## Your objective
Give back exactly the line that contains "(0, 30.7853, 0)" and all the lines after it in the records below, to the very last, with no other output.

Stored entries:
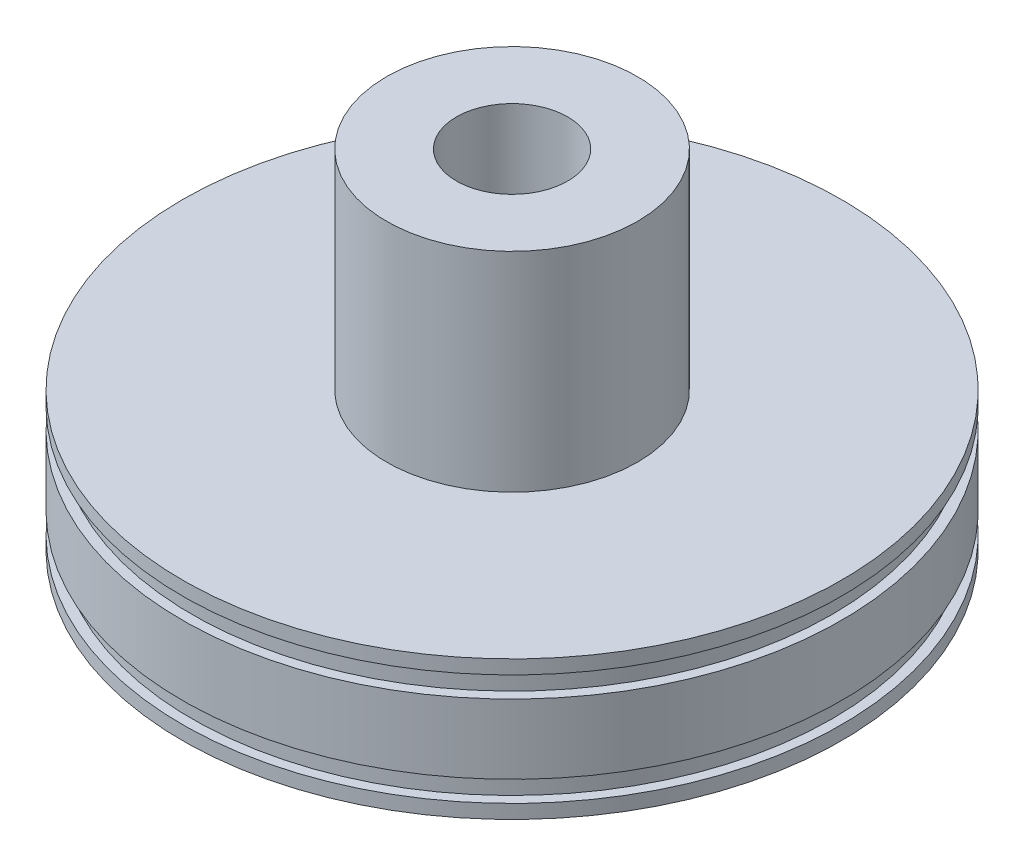
SolidWorks part; units mm, degrees
ref_plane "Front Plane" through (0, 0, 0) normal (0, 0, 1) x (1, 0, 0)
ref_plane "Top Plane" through (0, 0, 0) normal (0, 1, 0) x (1, 0, 0)
ref_plane "Right Plane" through (0, 0, 0) normal (1, 0, 0) x (0, 0, -1)
sketch "Sketch1" plane through (0, 0, 0) normal (0, 0, 1) x (1, 0, 0)
  line L0 (0, 0) -> (30.099, 18.0853)
  line L1 (0, 0) -> (23.0568, 0) construction
  line L2 (0, 19.05) -> (0, 0)
  line L3 (30.099, 18.0853) -> (30.099, 19.3553)
  line L4 (30.099, 30.7853) -> (0, 30.7853)
  line L5 (0, 30.7853) -> (0, 19.05)
  line L6 (30.099, 29.5153) -> (29.21, 29.5153)
  line L7 (29.21, 29.5153) -> (29.21, 27.6103)
  line L8 (29.21, 27.6103) -> (30.099, 27.6103)
  line L9 (30.099, 19.3553) -> (29.21, 19.3553)
  line L10 (29.21, 19.3553) -> (29.21, 21.2603)
  line L11 (29.21, 21.2603) -> (30.099, 21.2603)
  line L12 (30.099, 29.5153) -> (30.099, 30.7853)
  line L13 (30.099, 21.2603) -> (30.099, 27.6103)
  dimension "D1" = 31
  dimension "D2" = 19.05
  dimension "D3" = 30.099
  dimension "D4" = 1.27
  dimension "D5" = 1.905
  dimension "D6" = 29.21
  dimension "D7" = 1.27
  dimension "D8" = 1.905
  dimension "D9" = 12.7
revolve "Revolve1" add sketch "Sketch1" angle 360 about L5
sketch "Sketch2" plane through (0, 30.7853, 0) normal (0, 1, 0) x (1, 0, 0)
  circle A0 centre (0, 0) radius 11.4554
  dimension "D1" = 22.9108
extrude "Boss-Extrude1" add sketch "Sketch2" along normal blind 19.05
sketch "Sketch3" plane through (0, 49.8353, 0) normal (0, 1, 0) x (1, 0, 0)
  circle A0 centre (0, 0) radius 5.08
  dimension "D1" = 10.16
extrude "Cut-Extrude1" cut sketch "Sketch3" against normal blind 12.7

## Output below
sketch "Sketch2" plane through (0, 30.7853, 0) normal (0, 1, 0) x (1, 0, 0)
  circle A0 centre (0, 0) radius 11.4554
  dimension "D1" = 22.9108
extrude "Boss-Extrude1" add sketch "Sketch2" along normal blind 19.05
sketch "Sketch3" plane through (0, 49.8353, 0) normal (0, 1, 0) x (1, 0, 0)
  circle A0 centre (0, 0) radius 5.08
  dimension "D1" = 10.16
extrude "Cut-Extrude1" cut sketch "Sketch3" against normal blind 12.7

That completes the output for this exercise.